All good, the options I gave were based on the sticky Ron posted stating 10spy as the new norm. Oddly someone posted a COSC watch with rave reviews so who knows, guess 20+spy is okay here after all. But that aside, don't know any microbrands putting any time into this tech.

Casio, from what I've heard makes an adjustable watch like the Technochas also. You'll have to go over to Casio forums to get more info, if you're interested.

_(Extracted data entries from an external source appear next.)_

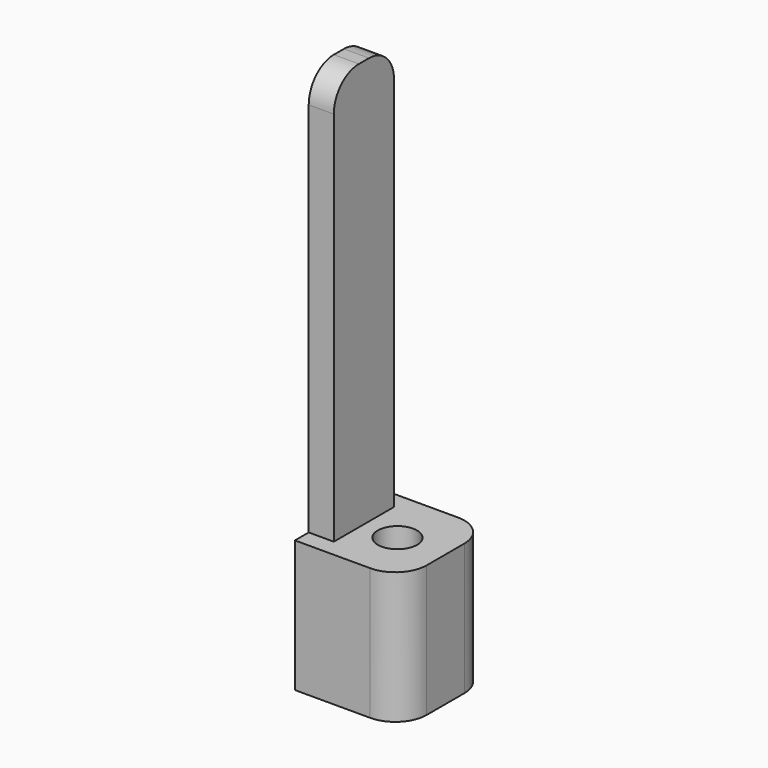
from build123d import *

# Parameters (mm, degrees)
F1_DEPTH  = 8.4
F2_R      = 2.5
F3_DEPTH  = 1.6
F4_R      = 1.25
F5_DEPTH  = 10
F6_W      = 2
F6_H      = 4.8
F7_DEPTH  = 26
F8_R      = 2
F9_DEPTH  = 0.2
F10_DEPTH = 0.2


# Not quite as in the source:
# - a feature names something its author has since deleted; it is built from what else it names


with BuildPart() as f1:
    # F0 (on Top) → F1 (new body)
    with BuildSketch(Plane.XY):
        with BuildLine():
            Line((1, 21.8148477226), (-4, 21.8148477226))
            Line((-4, 21.8148477226), (-4, 14.8148477226))
            Line((-4, 14.8148477226), (1, 14.8148477226))
            ThreePointArc((1, 14.8148477226), (2.4142135624, 15.4006341603), (3, 16.8148477226))
            Line((3, 16.8148477226), (3, 19.8148477226))
            ThreePointArc((3, 19.8148477226), (2.4142135624, 21.229061285), (1, 21.8148477226))
        make_face()
    extrude(amount=F1_DEPTH)

    # F2 (on face) → F3 (cut)
    with BuildSketch(Plane(origin=(0, 0, 0), x_dir=(1, 0, 0), z_dir=(0, 0, -1))):
        with Locations((0, -18.2346012443)):
            Circle(F2_R)
    extrude(amount=-F3_DEPTH, mode=Mode.SUBTRACT)

    # F4 (on face) → F5 (cut)
    with BuildSketch(Plane(origin=(0, 0, 1.6), x_dir=(1, 0, 0), z_dir=(0, 0, -1))):
        with Locations((0, -18.2346012443)):
            Circle(F4_R)
    extrude(amount=-F5_DEPTH, mode=Mode.SUBTRACT)

    # F6 (on face) → F7 (join)
    with BuildSketch(Plane.XY.offset(8.4)):
        with Locations((-3, 18.3148477226)):
            Rectangle(F6_W, F6_H)
    extrude(amount=F7_DEPTH)

    # F8
    f8_edges = [f1.edges().sort_by_distance(p)[0] for p in [
        (-3, 20.714848, 34.4),
        (-3, 15.914848, 34.4),
    ]]
    fillet(f8_edges, radius=F8_R)

    # F9 (cut): a face of the model
    f9_faces = [f1.faces().sort_by_distance(p)[0] for p in [
        (-2, 18.3148477226, 21.2249019293),
    ]]
    extrude(f9_faces, amount=-F9_DEPTH, mode=Mode.SUBTRACT)

    # F10 (cut): a face of the model
    f10_faces = [f1.faces().sort_by_distance(p)[0] for p in [
        (-4, 18.3148477226, 15.72101639),
    ]]
    extrude(f10_faces, amount=-F10_DEPTH, mode=Mode.SUBTRACT)


solid = f1.part
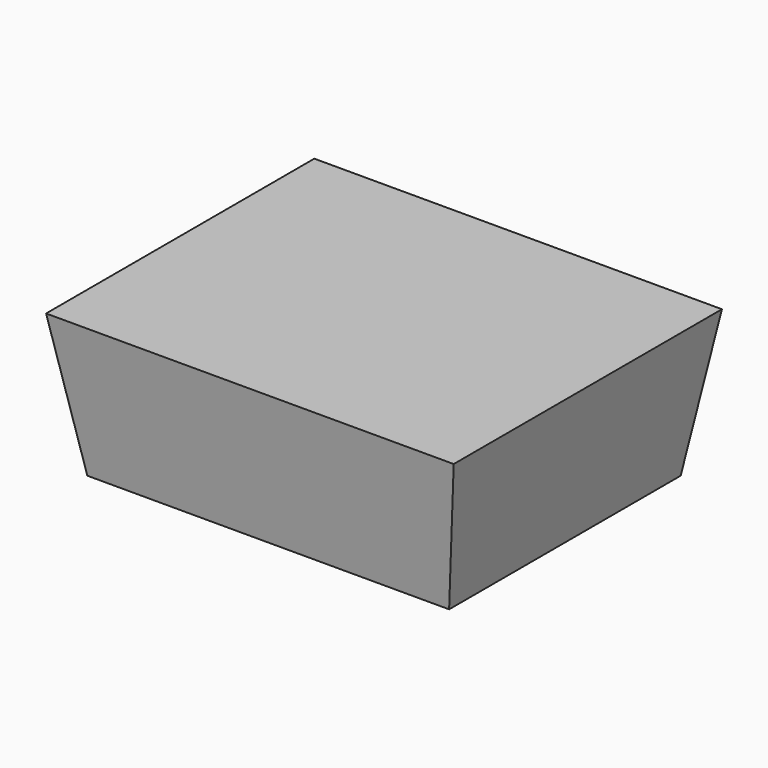
from build123d import *

# Parameters (mm, degrees)
F0_W     = 250
F0_H     = 200
F1_DEPTH = 100
F1_TAPER = -9


# Not quite as in the source:
# - the program builds the solid bodies; features that only make, move or delete a surface that nothing else refers to are left out


with BuildPart() as f1:
    # F0 (on Top) → F1 (new body)
    with BuildSketch(Plane.XY):
        Rectangle(F0_W, F0_H)
    extrude(amount=F1_DEPTH, taper=F1_TAPER)


solid = f1.part
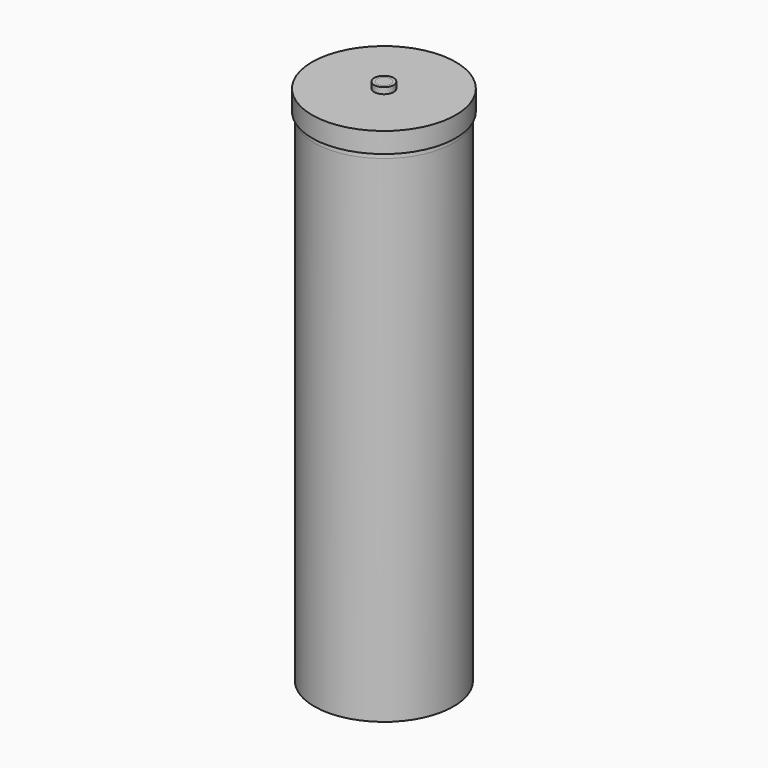
from build123d import *

# Parameters (mm, degrees)
F3_T          = -3.175
F4_T          = -4.7625
F6_DEPTH      = 50.0136
F6_DEPTH_BACK = 50.0136
F7_W          = 40.0304
F7_H          = 3.175
F11_R         = 6.985
F11_R_2       = 3.81
F12_DEPTH     = 4.445
F13_R         = 4.9276
F14_DEPTH     = 25.4
F15_R         = 6.985
F15_R_2       = 3.81
F16_DEPTH     = 4.445
F18_R         = 4.4196
F19_DEPTH     = 3.175
F20_W         = 12.7
F20_H         = 3.175
F21_DEPTH     = 28.575
F22_R         = 4.8895
F22_W         = 12.7
F22_H         = 3.175
F23_DEPTH     = 3.175
F24_W         = 4.9276
F24_H         = 8.89
F24_H_2       = 3.81
F29_R         = 15.875
F29_R_2       = 14.224
F30_DEPTH     = 79.756


# Not quite as in the source:
# - a length typed as a fraction of an inch, garbled in the dataset ("3 / 203.2 mm" for 3/8 in), is restored


with BuildPart() as f1:
    # F0 (on Front) → F1 (revolve)
    with BuildSketch(Plane.XZ):
        with BuildLine():
            ThreePointArc((0, 30.9626), (-35.364249, 16.314249), (-50.0126, -19.05))
            Line((-50.0126, -19.05), (-50.0126, -375.4374))
            Line((-50.0126, -375.4374), (0, -375.4374))
            Line((0, -375.4374), (0, 30.9626))
        make_face()
    revolve(axis=Axis((0, 0, -172.2374), (0, 0, -1)))

    # F3
    f3_openings = [f1.faces().sort_by_distance(p)[0] for p in [
        (0, 0, -375.4374),
    ]]
    offset(amount=F3_T, openings=f3_openings)


with BuildPart() as f2:
    # F0 (on Front) → F2 (revolve)
    with BuildSketch(Plane.XZ):
        with BuildLine():
            ThreePointArc((0, 30.9626), (-35.364249, 16.314249), (-50.0126, -19.05))
            Line((-50.0126, -19.05), (-50.0126, -375.4374))
            Line((-50.0126, -375.4374), (0, -375.4374))
            Line((0, -375.4374), (0, 30.9626))
        make_face()
    revolve(axis=Axis((0, 0, -172.2374), (0, 0, -1)))

    # F4
    f4_openings = [f2.faces().sort_by_distance(p)[0] for p in [
        (0, 0, -375.4374),
    ]]
    offset(amount=F4_T, openings=f4_openings)


with BuildPart() as f6_tool:
    # F5 (on Front) → F6 (new body, two sides)
    with BuildSketch(Plane.XZ) as f6_sk:
        with BuildLine():
            ThreePointArc((46.864926, -1.5875), (0, 30.9626), (-46.864926, -1.5875))
            Line((-46.864926, -1.5875), (46.864926, -1.5875))
        make_face()
    extrude(amount=-F6_DEPTH)
    extrude(f6_sk.sketch, amount=F6_DEPTH_BACK)


with BuildPart() as f1_1:
    add(f1.part)

    # F6: cut by f6_tool
    add(f6_tool.part, mode=Mode.SUBTRACT)


with BuildPart() as f2_1:
    add(f2.part)

    # F6: cut by f6_tool
    add(f6_tool.part, mode=Mode.SUBTRACT)


with BuildPart() as f8:
    # F7 (on Front) → F8 (revolve)
    with BuildSketch(Plane.XZ):
        Polygon((-51.6001, -0.8255), (-51.6001, -15.4305), (-50.8381, -15.4305), (-50.8381, -1.5875), (-4.4196, -1.5875), (-4.4196, -0.8255), align=None)
    revolve(axis=Axis((0, 0, -187.7187), (0, 0, -1)))


with BuildPart() as f9:
    # F7 (on Front) → F9 (revolve)
    with BuildSketch(Plane.XZ):
        with Locations((-24.4348, -5.87409)):
            Rectangle(F7_W, F7_H)
    revolve(axis=Axis((0, 0, -187.7187), (0, 0, -1)))


with BuildPart() as f12:
    # F11 (on offset) → F12 (new body)
    with BuildSketch(Plane.XY.offset(3.6195)):
        Circle(F11_R)
        Circle(F11_R_2, mode=Mode.SUBTRACT)
    extrude(amount=-F12_DEPTH)


with BuildPart() as f14:
    # F13 (on face) → F14 (new body)
    with BuildSketch(Plane.XY.offset(3.6195)):
        Circle(F13_R)
    extrude(amount=-F14_DEPTH)


with BuildPart() as f16:
    # F15 (on face) → F16 (new body)
    with BuildSketch(Plane(origin=(0, 0, -7.46159), x_dir=(1, 0, 0), z_dir=(0, 0, -1))):
        Circle(F15_R)
        Circle(F15_R_2, mode=Mode.SUBTRACT)
    extrude(amount=F16_DEPTH)


with BuildPart() as f19:
    # F18 (on offset) → F19 (new body)
    with BuildSketch(Plane(origin=(0, 0, -15.71659), x_dir=(1, 0, 0), z_dir=(0, 0, -1))):
        with BuildLine():
            Line((6.35, -13.97), (6.35, -7.269017))
            ThreePointArc((6.35, -7.269017), (0, 9.652), (-6.35, -7.269017))
            Line((-6.35, -7.269017), (-6.35, -13.97))
            Line((-6.35, -13.97), (6.35, -13.97))
        make_face()
        Circle(F18_R, mode=Mode.SUBTRACT)
    extrude(amount=F19_DEPTH)

    # F20 (on face) → F21 (join)
    with BuildSketch(Plane(origin=(0, 0, -18.89159), x_dir=(1, 0, 0), z_dir=(0, 0, -1))):
        with Locations((0, -12.3825)):
            Rectangle(F20_W, F20_H)
    extrude(amount=F21_DEPTH)

    # F22 (on face) → F23 (join)
    with BuildSketch(Plane(origin=(0, 0, -47.46659), x_dir=(1, 0, 0), z_dir=(0, 0, -1))):
        with BuildLine():
            ThreePointArc((6.35, -7.269017), (0, 9.652), (-6.35, -7.269017))
            Line((-6.35, -7.269017), (-6.35, -10.795))
            Line((-6.35, -10.795), (6.35, -10.795))
            Line((6.35, -10.795), (6.35, -7.269017))
        make_face()
        Circle(F22_R, mode=Mode.SUBTRACT)
        with Locations((0, -12.3825)):
            Rectangle(F22_W, F22_H)
    extrude(amount=-F23_DEPTH)


with BuildPart() as f25_1:
    # F25: copy of F9
    add(f9.part.moved(Location((0, 0, -6.4008))))


with BuildPart() as f26:
    # F24 (on Front) → F26 (revolve)
    with BuildSketch(Plane.XZ):
        with Locations((-2.4638, -46.19659)):
            Rectangle(F24_W, F24_H)
        with Locations((-2.4638, -52.54659)):
            Rectangle(F24_W, F24_H_2)
    revolve(axis=Axis((0, 0, -65.24659), (0, 0, -1)))


with BuildPart() as f27:
    # F24 (on Front) → F27 (revolve)
    with BuildSketch(Plane.XZ):
        with Locations((-2.4638, -52.54659)):
            Rectangle(F24_W, F24_H_2)
        Polygon((-4.9276, -54.45159), (-4.9276, -50.64159), (-12.7, -50.64159), (-12.7, -84.67759), (-12.7, -88.74159), (0, -88.74159), (0, -54.45159), align=None)
    revolve(axis=Axis((0, 0, -65.24659), (0, 0, -1)))


with BuildPart() as f28:
    # F24 (on Front) → F28 (revolve)
    with BuildSketch(Plane.XZ):
        Polygon((-12.7, -88.74159), (-12.7, -84.67759), (-14.224, -84.67759), (-14.224, -87.21759), (-18.288, -87.21759), (-18.288, -88.74159), align=None)
    revolve(axis=Axis((0, 0, -65.24659), (0, 0, -1)))


with BuildPart() as f30:
    # F29 (on face) → F30 (new body, through all)
    with BuildSketch(Plane.XY.offset(-87.21759)):
        Circle(F29_R)
        Circle(F29_R_2, mode=Mode.SUBTRACT)
    extrude(amount=F30_DEPTH)


solid = Compound([f1_1.part, f2_1.part, f8.part, f9.part, f12.part, f14.part, f16.part, f19.part, f25_1.part, f26.part, f27.part, f28.part, f30.part])

The Seiko that John mentioned can be had pretty cheap, but bear in mind its a 33.5mm case and the band can fit a 17.5cm wrist max. Bulova's tend to be on the bigger side, but again are pretty accurate and are relatively low priced.


----------



## ppaulusz (Feb 11, 2006)

wbird said:


> All good, the options I gave were based on the sticky Ron posted stating 10spy as the new norm. Oddly someone posted a COSC watch with rave reviews so who knows, guess 20+spy is okay here after all...


Well, you'd be better to read this (post #4 of the link) to learn why Ron's definition is not working and what would be the proper standard for HAQ in this forum:
https://www.watchuseek.com/f9/sort-haq-question-5042575.html


----------



## wrest (Apr 9, 2019)

Wow, you guys just had a flame around HAQ definition...
Number 10 has got only 2 nontrivial divisors while number 12 has twice as that. 1spm=3spq=12spy  Next good (superabundant) number is 24.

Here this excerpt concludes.